Luohan – Yixian Glazed Ceramic Sculpture
This life-size, glazed terracotta sculpture of a seated figure represents a Luohan. A Luóhàn is a Chinese term for an arhat, one of the historical disciples of the Buddha. As Buddhist tradition developed the most important were regarded as almost bodhisattvas or fully enlightened beings, with a range of supernatural powers. The understanding of these Buddhist concepts has changed over the centuries and varies between different schools of Buddhism and different regions
This sculpture of Luohan shows him seated with his hands on his lap, wearing a monk’s robes of green and brown is one of a set of 8 to 10 life-size Luohans made during the Liao dynasty (907–1125) which were discovered near caves, south of Beijing, in 1912. They reached the international art market and were bought for Western collections. The circumstances of the find, and the details of how the figures and how many of these figures reached the global art market have not been clarified.

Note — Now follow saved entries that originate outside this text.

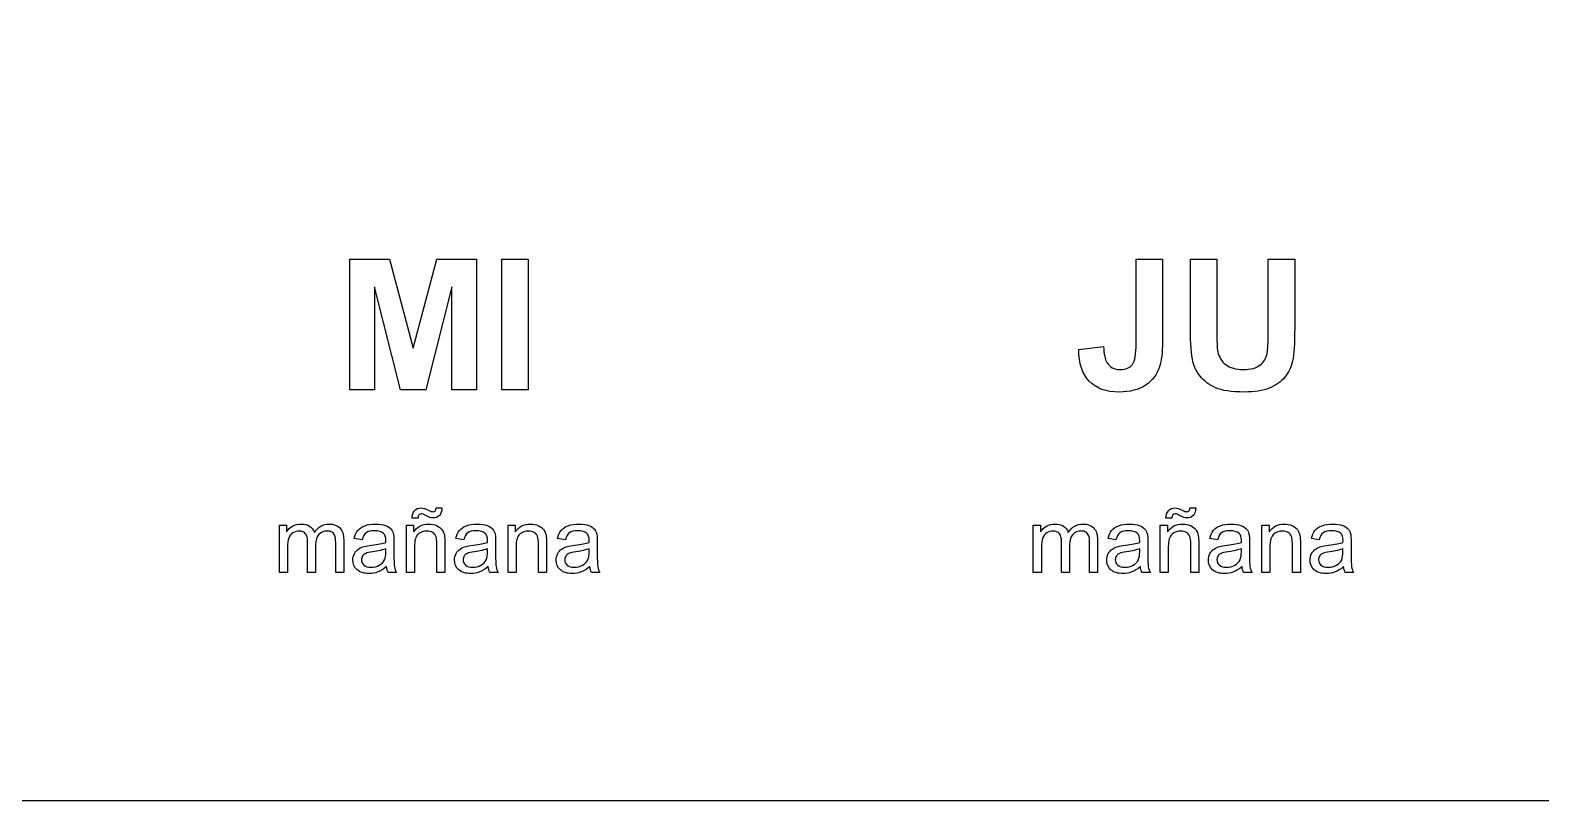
# Model space of a CAD drawing. Header units: millimetres. Extents: x 5 to 740, y 5 to 477.
# Drawn here: x 71.1 to 137.2, y 192 to 225.8 of the extents above; entities that cross this region are included whole.
import ezdxf

# ---------------------------------------------------------------- set-up
doc = ezdxf.new("R2010")
doc.units = ezdxf.units.MM
doc.layers.get('0').update_dxf_attribs({"linetype": 'CONTINUOUS'})

msp = doc.modelspace()

# ---------------------------------------------------------------- linework, layer by layer
at = {"color": 7}
for points in [[(5, 327), (239, 327), (239, 192), (5, 192)], [(85.123047, 210), (85.123047, 215.72656), (86.853516, 215.72656), (87.892578, 211.82031), (88.919922, 215.72656), (90.654297, 215.72656), (90.654297, 210), (89.580078, 210), (89.580078, 214.50781), (88.443359, 210), (87.330078, 210), (86.197266, 214.50781), (86.197266, 210)], [(91.767578, 210), (91.767578, 215.72656), (92.923828, 215.72656), (92.923828, 210)], [(86.721721, 202.2558)], [(91.170952, 202.2558)], [(95.62012, 202.2558)], [(119.72177, 202.2558)], [(124.17099, 202.2558)]]:
    msp.add_lwpolyline(points, close=True, dxfattribs=at)
for points in [[(119.53516, 215.72656), (120.6875, 215.72656), (120.6875, 212.10156)], [(119.53516, 212.02734), (119.53516, 215.72656)], [(121.91016, 215.72656), (123.06641, 215.72656), (123.06641, 212.625)], [(121.91026, 212.67188), (121.91016, 215.72656)], [(125.32036, 212.55859), (125.32036, 215.72656), (126.47661, 215.72656), (126.47661, 212.71875)], [(117.02344, 211.76953), (118.11328, 211.89453)], [(88.100574, 204.38081), (87.84082, 204.38086)], [(88.893547, 204.83202), (89.147453, 204.83202)], [(121.10063, 204.38081), (120.84082, 204.38086)], [(121.89358, 204.83202), (122.14749, 204.83202)], [(82.036133, 202), (82.036133, 204.07422), (82.350586, 204.07422), (82.350586, 203.7832)], [(87.592773, 202), (87.592773, 204.07422), (87.90918, 204.07422), (87.90918, 203.7793)], [(92.041992, 202), (92.041992, 204.07422), (92.358398, 204.07422), (92.358398, 203.7793)], [(115.03613, 202), (115.03613, 204.07422), (115.35059, 204.07422), (115.35059, 203.7832)], [(120.59277, 202), (120.59277, 204.07422), (120.90918, 204.07422), (120.90918, 203.7793)], [(125.04199, 202), (125.04199, 204.07422), (125.3584, 204.07422), (125.3584, 203.7793)], [(82.38769, 203.0762), (82.38769, 202), (82.036133, 202)], [(83.620113, 203.20504), (83.620113, 202), (83.268551, 202), (83.268551, 203.34766)], [(84.84668, 203.42378), (84.84668, 202), (84.49707, 202), (84.49707, 203.30664)], [(85.653366, 203.43547), (85.309616, 203.48237)], [(86.692378, 202.91218), (86.69238, 203.04102)], [(87.047899, 203.33783), (87.047899, 202.86908)], [(87.944331, 203.13285), (87.944331, 202), (87.592773, 202)], [(89.278319, 203.27535), (89.278319, 202), (88.926757, 202), (88.926757, 203.26172)], [(90.102586, 203.43547), (89.758836, 203.48237)], [(91.141595, 202.91218), (91.141598, 203.04102)], [(91.497119, 203.33783), (91.497119, 202.86908)], [(92.39355, 203.13285), (92.39355, 202), (92.041992, 202)], [(93.727538, 203.27535), (93.727538, 202), (93.375976, 202), (93.375976, 203.26172)], [(94.551805, 203.43547), (94.208055, 203.48237)], [(95.590815, 202.91218), (95.590817, 203.04102)], [(95.946338, 203.33783), (95.946338, 202.86908)], [(115.38773, 203.0762), (115.38773, 202), (115.03613, 202)], [(116.62008, 203.20504), (116.62008, 202), (116.26851, 202), (116.26851, 203.34766)], [(117.84668, 203.42378), (117.84668, 202), (117.49707, 202), (117.49707, 203.30664)], [(118.65341, 203.43547), (118.30966, 203.48237)], [(119.69237, 202.91218), (119.69238, 203.04102)], [(120.04796, 203.33783), (120.04796, 202.86908)], [(120.94433, 203.13285), (120.94433, 202), (120.59277, 202)], [(122.27829, 203.27535), (122.27829, 202), (121.92673, 202), (121.92673, 203.26172)], [(123.10263, 203.43547), (122.75888, 203.48237)], [(124.14159, 202.91218), (124.1416, 203.04102)], [(124.49718, 203.33783), (124.49718, 202.86908)], [(125.39354, 203.13285), (125.39354, 202), (125.04199, 202)], [(126.72751, 203.27535), (126.72751, 202), (126.37595, 202), (126.37595, 203.26172)], [(127.55186, 203.43547), (127.20811, 203.48237)], [(128.59081, 202.91218), (128.59082, 203.04102)], [(128.94641, 203.33783), (128.94641, 202.86908)], [(87.159219, 201.99994), (86.792031, 201.99994)], [(91.608449, 201.99994), (91.241262, 201.99994)], [(96.057658, 201.99994), (95.69043, 201.99994)], [(120.15926, 201.99994), (119.79207, 201.99994)], [(124.60848, 201.99994), (124.24129, 201.99994)], [(128.62022, 202.2558), (128.62012, 202.25586)], [(129.05771, 201.99994), (128.69052, 201.99994)]]:
    msp.add_lwpolyline(points, dxfattribs=at)
for points in [[(122.02354, 211.21875), (121.94802, 211.546877), (121.91026, 212.031253), (121.91026, 212.67188)], [(123.06641, 212.625), (123.06641, 212.132813), (123.080743, 211.813803), (123.10941, 211.66797)], [(125.26956, 211.58594), (125.303427, 211.781253), (125.32036, 212.10547), (125.32036, 212.55859)], [(126.47661, 212.71875), (126.47661, 212.03125), (126.445377, 211.545573), (126.38291, 211.26172)], [(117.48438, 210.375), (117.179687, 210.692707), (117.02604, 211.15755), (117.02344, 211.76953)], [(118.11328, 211.89453), (118.12628, 211.566403), (118.174457, 211.334633), (118.25781, 211.19922)], [(119.375, 211.10938), (119.481773, 211.257813), (119.53516, 211.5638), (119.53516, 212.02734)], [(120.6875, 212.10156), (120.6875, 211.627607), (120.645833, 211.263023), (120.5625, 211.00781)], [(123.10941, 211.66797), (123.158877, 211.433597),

The surviving Lohans from this discovery are so individually and uniquely modelled that they are considered as portraits of different eminent monks. Each of the Lohans has long ears, with variances in earlobe piercing and stretching. The green hair of this figure is a departure from naturalism, as is the openwork base which is intended to suggest a mountains retreat of the ascetic monk. This large glazed ceramic figure shows how the modelling traditions developed for Chinese pottery tomb figures was extended to Buddhism. In the Ming and Qing periods imposing representations of many deities were made, and the brilliant glazing of this figure resembles that of figures decorating traditional Chinese temple buildings.
Earlobe Piercing and Stretching
Piercing the earlobes is a commonplace activity in many cultures in many historical eras. Some cultures practice earlobe stretching, using piercing ornaments to extend and enlarge the earlobes to accommodate plugs. Ear stretching is a ritual that has been practised by people all over the world from ancient times. Bone, horn, wood, and stone were generally carved for ear stretching, but other organic materials from shells to teeth and claws, have also been used.
Historically, the practice has been used to achieve social status, to scare enemies in war, and for beauty purposes. It has been and still is a common practice for people in many parts of the world, for religious or other cultural purposes.
In Buddist tradition, Gautama Buddha was an aristocratic and wealthy prince who had long stretched ears. He wore heavy gold earrings or precious stones as a status symbol, and the weight stretched his earlobes dramatically. When he finally renounced his wealth and discarded his jewellery, his earlobes were permanently stretched. As a way of remembering Buddha’s act of personal self-sacrifice in walking away from his wealth, thus all images of Buddha show his stretched earlobes without jewellery.
- What secrets does this 1,000-year-old sculpture hold?
- In what fundamental ways does Buddhist art vary between different schools of Buddhism and different regions?
- Would the secret story of the discovery and journey of this sculpture make a fascinating story?
- If this statue had not been secured in a museum would that have survived?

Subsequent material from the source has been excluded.